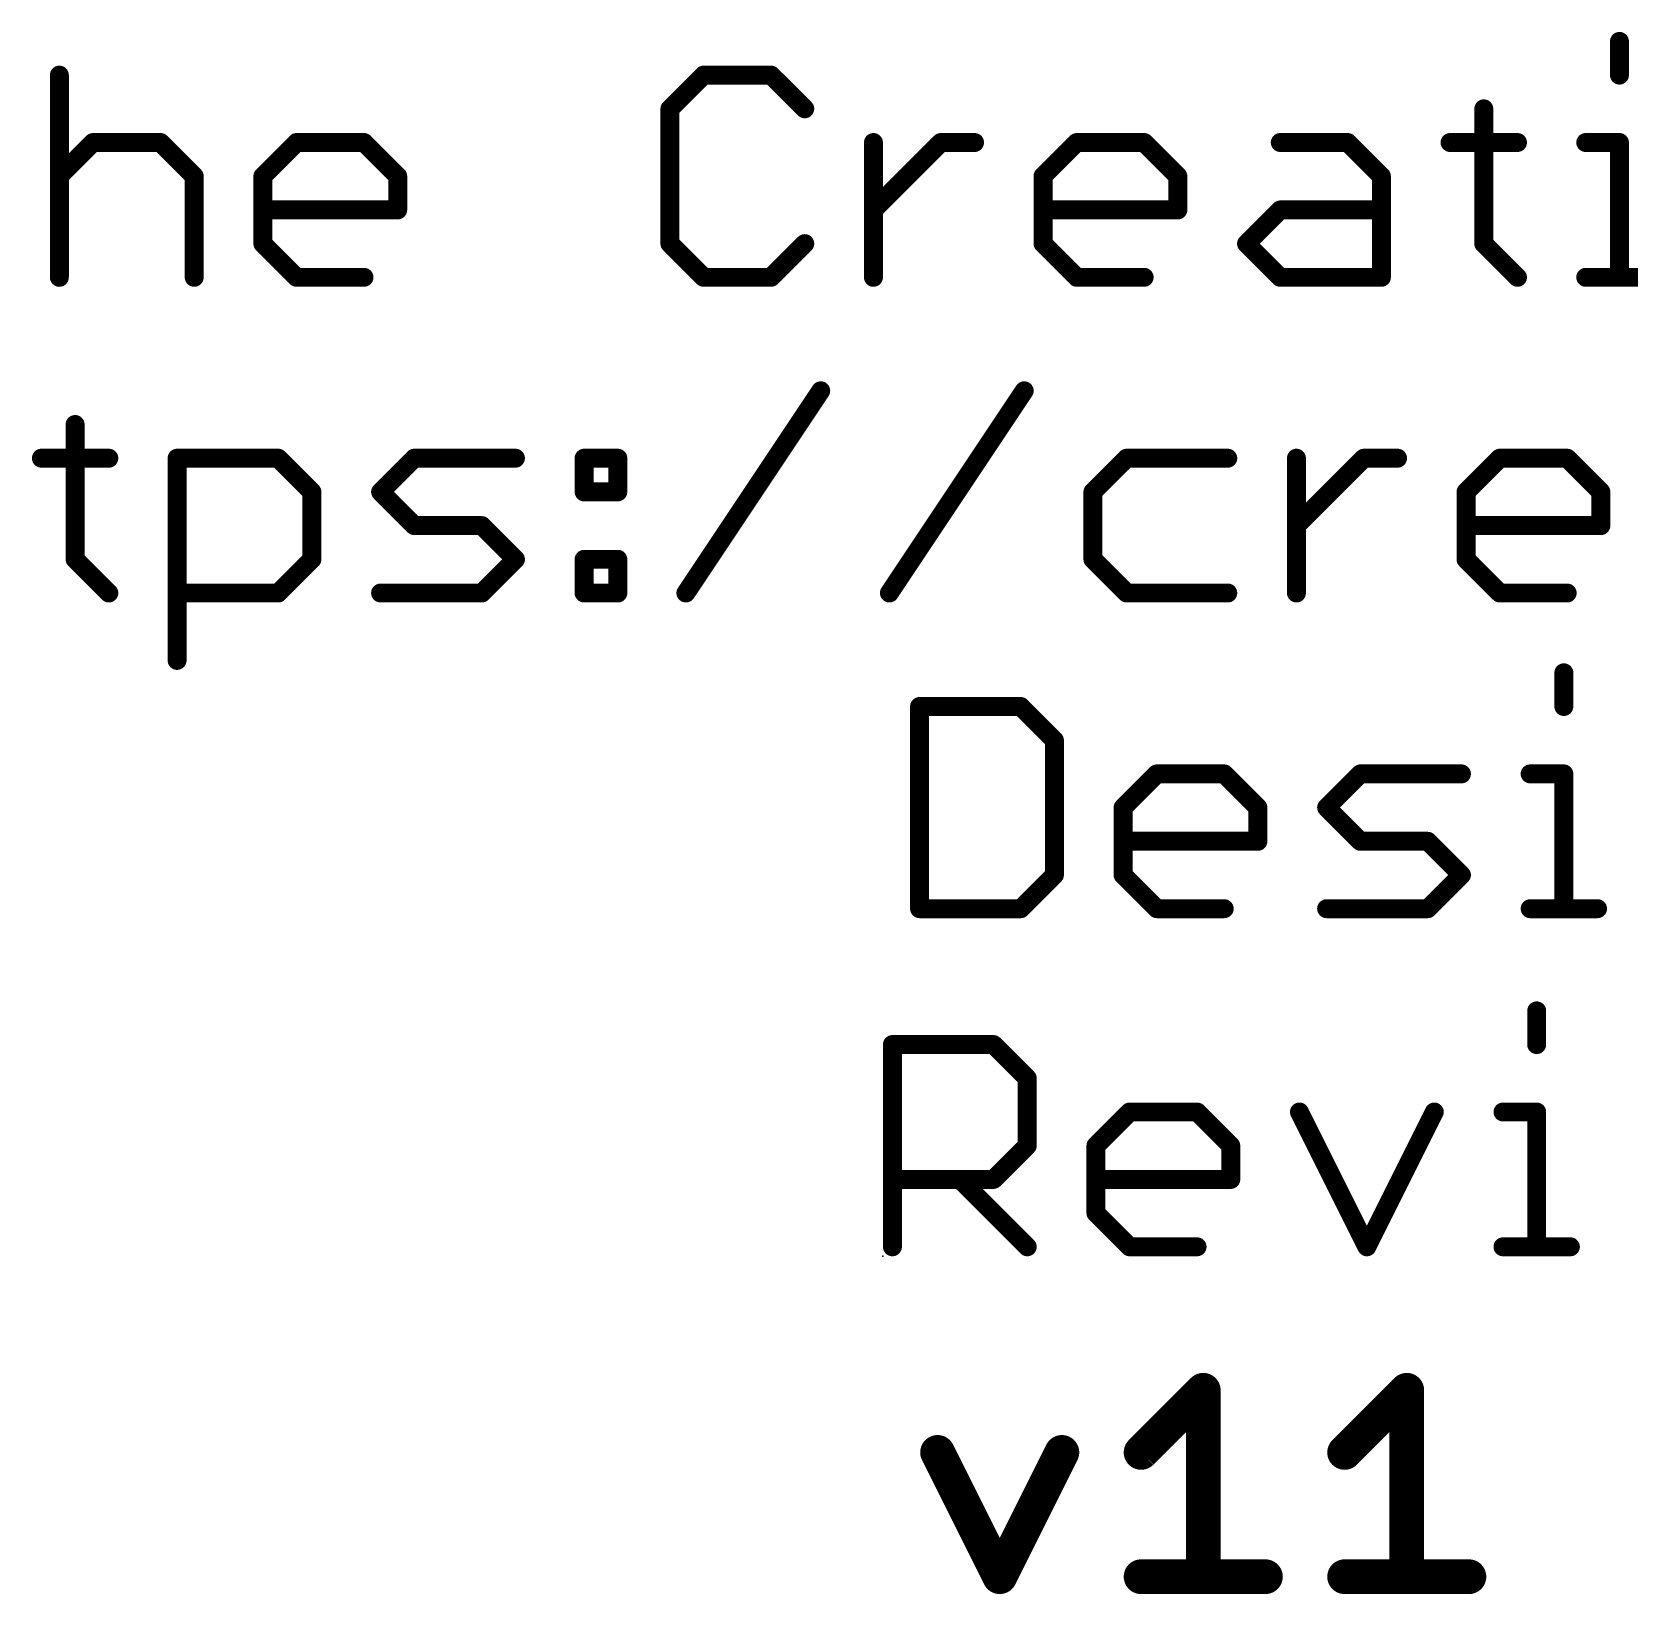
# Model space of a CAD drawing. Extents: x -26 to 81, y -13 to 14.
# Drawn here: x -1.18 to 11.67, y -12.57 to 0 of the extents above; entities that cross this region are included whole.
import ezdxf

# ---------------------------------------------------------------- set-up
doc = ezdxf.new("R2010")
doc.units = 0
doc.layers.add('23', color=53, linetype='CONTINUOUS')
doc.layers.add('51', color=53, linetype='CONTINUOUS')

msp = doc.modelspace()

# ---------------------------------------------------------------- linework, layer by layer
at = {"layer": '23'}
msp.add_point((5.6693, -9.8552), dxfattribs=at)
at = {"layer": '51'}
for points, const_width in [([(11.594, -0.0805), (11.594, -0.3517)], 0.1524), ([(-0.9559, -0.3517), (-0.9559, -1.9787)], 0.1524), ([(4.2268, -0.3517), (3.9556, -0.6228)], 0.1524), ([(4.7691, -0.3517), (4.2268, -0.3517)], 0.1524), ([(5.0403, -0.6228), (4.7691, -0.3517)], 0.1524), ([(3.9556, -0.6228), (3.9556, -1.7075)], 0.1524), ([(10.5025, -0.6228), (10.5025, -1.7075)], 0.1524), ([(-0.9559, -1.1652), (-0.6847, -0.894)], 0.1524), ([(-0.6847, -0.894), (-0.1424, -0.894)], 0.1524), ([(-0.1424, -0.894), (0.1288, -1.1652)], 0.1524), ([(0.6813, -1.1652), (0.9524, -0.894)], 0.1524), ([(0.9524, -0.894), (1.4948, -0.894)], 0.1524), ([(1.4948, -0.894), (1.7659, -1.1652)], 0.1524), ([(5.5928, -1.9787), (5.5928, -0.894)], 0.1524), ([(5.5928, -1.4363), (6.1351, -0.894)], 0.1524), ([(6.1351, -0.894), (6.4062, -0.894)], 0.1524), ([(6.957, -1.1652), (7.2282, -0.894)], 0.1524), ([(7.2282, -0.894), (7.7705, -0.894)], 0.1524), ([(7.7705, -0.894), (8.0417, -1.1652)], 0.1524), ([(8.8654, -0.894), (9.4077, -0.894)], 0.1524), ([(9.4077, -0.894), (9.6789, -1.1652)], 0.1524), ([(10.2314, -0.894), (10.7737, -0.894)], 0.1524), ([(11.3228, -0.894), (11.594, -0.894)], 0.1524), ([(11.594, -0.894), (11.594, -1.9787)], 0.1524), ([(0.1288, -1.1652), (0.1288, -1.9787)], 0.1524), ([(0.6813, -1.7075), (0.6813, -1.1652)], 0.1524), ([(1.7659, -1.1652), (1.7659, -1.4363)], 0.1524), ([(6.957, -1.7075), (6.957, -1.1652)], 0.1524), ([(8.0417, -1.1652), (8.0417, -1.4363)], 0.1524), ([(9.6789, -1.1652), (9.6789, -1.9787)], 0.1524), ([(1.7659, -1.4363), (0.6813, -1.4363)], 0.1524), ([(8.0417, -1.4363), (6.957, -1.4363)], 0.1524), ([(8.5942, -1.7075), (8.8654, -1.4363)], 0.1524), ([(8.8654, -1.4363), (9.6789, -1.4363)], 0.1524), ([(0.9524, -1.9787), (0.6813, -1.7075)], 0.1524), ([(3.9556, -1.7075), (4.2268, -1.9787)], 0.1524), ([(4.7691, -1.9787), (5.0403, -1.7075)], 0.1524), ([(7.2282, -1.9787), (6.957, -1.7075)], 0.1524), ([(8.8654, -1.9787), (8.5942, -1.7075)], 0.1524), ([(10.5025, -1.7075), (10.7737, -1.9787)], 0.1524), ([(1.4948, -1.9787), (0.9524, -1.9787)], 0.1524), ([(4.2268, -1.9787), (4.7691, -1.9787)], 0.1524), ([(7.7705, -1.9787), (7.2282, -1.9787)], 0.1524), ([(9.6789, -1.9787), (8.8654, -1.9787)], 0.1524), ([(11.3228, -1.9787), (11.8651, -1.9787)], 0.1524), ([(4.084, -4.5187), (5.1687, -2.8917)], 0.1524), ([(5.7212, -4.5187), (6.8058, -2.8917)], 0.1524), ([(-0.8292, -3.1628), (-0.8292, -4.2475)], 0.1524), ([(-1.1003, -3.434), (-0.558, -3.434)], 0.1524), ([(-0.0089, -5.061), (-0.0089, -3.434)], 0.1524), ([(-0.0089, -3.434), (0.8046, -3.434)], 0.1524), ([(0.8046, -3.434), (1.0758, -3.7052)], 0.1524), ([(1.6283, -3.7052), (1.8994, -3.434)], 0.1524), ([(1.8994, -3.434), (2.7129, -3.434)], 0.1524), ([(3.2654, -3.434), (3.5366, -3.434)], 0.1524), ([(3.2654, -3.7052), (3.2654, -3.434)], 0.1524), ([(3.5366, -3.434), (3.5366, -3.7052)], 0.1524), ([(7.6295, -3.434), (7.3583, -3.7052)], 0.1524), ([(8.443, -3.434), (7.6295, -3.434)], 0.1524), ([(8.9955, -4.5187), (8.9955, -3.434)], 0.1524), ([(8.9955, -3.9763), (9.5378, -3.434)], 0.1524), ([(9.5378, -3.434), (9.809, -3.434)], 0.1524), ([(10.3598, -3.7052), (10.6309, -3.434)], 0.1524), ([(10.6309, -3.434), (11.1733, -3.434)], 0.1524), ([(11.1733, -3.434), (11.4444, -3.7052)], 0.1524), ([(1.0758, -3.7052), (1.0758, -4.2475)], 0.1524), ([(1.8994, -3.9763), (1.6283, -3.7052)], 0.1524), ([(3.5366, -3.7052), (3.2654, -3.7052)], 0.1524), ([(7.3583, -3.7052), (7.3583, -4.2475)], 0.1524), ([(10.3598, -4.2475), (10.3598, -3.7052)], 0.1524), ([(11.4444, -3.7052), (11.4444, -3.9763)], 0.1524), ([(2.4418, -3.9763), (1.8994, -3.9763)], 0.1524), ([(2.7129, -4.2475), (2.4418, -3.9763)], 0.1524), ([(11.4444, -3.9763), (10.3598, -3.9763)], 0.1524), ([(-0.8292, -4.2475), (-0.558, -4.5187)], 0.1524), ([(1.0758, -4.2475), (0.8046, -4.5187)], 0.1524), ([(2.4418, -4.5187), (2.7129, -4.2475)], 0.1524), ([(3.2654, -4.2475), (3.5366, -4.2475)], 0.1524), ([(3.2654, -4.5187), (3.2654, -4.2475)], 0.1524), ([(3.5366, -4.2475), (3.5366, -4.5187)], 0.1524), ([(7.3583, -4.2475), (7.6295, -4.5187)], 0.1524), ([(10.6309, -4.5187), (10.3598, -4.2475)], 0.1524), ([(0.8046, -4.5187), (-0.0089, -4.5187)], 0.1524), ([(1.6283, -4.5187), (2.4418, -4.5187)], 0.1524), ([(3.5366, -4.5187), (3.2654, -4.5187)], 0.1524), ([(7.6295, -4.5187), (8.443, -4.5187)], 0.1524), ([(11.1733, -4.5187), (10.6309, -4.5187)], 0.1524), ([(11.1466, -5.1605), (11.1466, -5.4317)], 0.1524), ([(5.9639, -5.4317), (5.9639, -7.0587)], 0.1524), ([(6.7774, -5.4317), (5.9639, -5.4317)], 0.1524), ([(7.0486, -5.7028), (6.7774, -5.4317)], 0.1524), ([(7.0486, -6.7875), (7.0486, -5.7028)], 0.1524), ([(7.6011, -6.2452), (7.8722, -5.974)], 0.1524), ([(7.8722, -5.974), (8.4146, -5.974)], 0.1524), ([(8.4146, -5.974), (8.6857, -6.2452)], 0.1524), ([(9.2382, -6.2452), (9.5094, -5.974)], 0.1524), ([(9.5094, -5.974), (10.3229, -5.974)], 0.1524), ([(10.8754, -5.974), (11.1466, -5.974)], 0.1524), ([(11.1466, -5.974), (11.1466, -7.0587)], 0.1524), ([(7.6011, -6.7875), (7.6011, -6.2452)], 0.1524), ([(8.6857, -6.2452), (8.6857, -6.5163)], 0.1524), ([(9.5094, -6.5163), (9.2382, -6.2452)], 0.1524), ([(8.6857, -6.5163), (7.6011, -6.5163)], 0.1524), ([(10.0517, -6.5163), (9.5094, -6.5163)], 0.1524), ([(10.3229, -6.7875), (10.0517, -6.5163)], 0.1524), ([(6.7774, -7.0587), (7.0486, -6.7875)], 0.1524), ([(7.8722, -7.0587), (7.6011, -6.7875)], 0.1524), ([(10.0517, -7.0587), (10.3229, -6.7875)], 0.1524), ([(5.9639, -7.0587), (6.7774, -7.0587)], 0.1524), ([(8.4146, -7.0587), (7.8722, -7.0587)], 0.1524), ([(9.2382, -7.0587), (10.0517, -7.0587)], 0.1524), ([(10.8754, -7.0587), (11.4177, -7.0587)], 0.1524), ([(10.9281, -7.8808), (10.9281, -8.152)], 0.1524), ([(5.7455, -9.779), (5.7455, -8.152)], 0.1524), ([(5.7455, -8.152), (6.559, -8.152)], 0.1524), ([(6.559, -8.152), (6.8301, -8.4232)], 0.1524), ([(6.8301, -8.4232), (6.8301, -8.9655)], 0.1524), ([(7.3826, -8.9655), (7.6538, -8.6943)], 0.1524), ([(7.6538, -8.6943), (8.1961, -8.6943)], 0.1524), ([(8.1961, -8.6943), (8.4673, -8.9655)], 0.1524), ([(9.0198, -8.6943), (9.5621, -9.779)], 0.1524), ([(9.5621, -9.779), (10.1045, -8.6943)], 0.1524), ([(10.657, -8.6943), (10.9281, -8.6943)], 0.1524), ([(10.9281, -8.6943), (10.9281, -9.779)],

# # # # #

Problem to solve:
Starting with the line with "import ezdxf" above and going on through the line with "layer by layer", transcribe every line exactly, both ends included, and add nothing.

Response to the task:
import ezdxf

# ---------------------------------------------------------------- set-up
doc = ezdxf.new("R2010")
doc.units = 0
doc.layers.add('23', color=53, linetype='CONTINUOUS')
doc.layers.add('51', color=53, linetype='CONTINUOUS')

msp = doc.modelspace()

# ---------------------------------------------------------------- linework, layer by layer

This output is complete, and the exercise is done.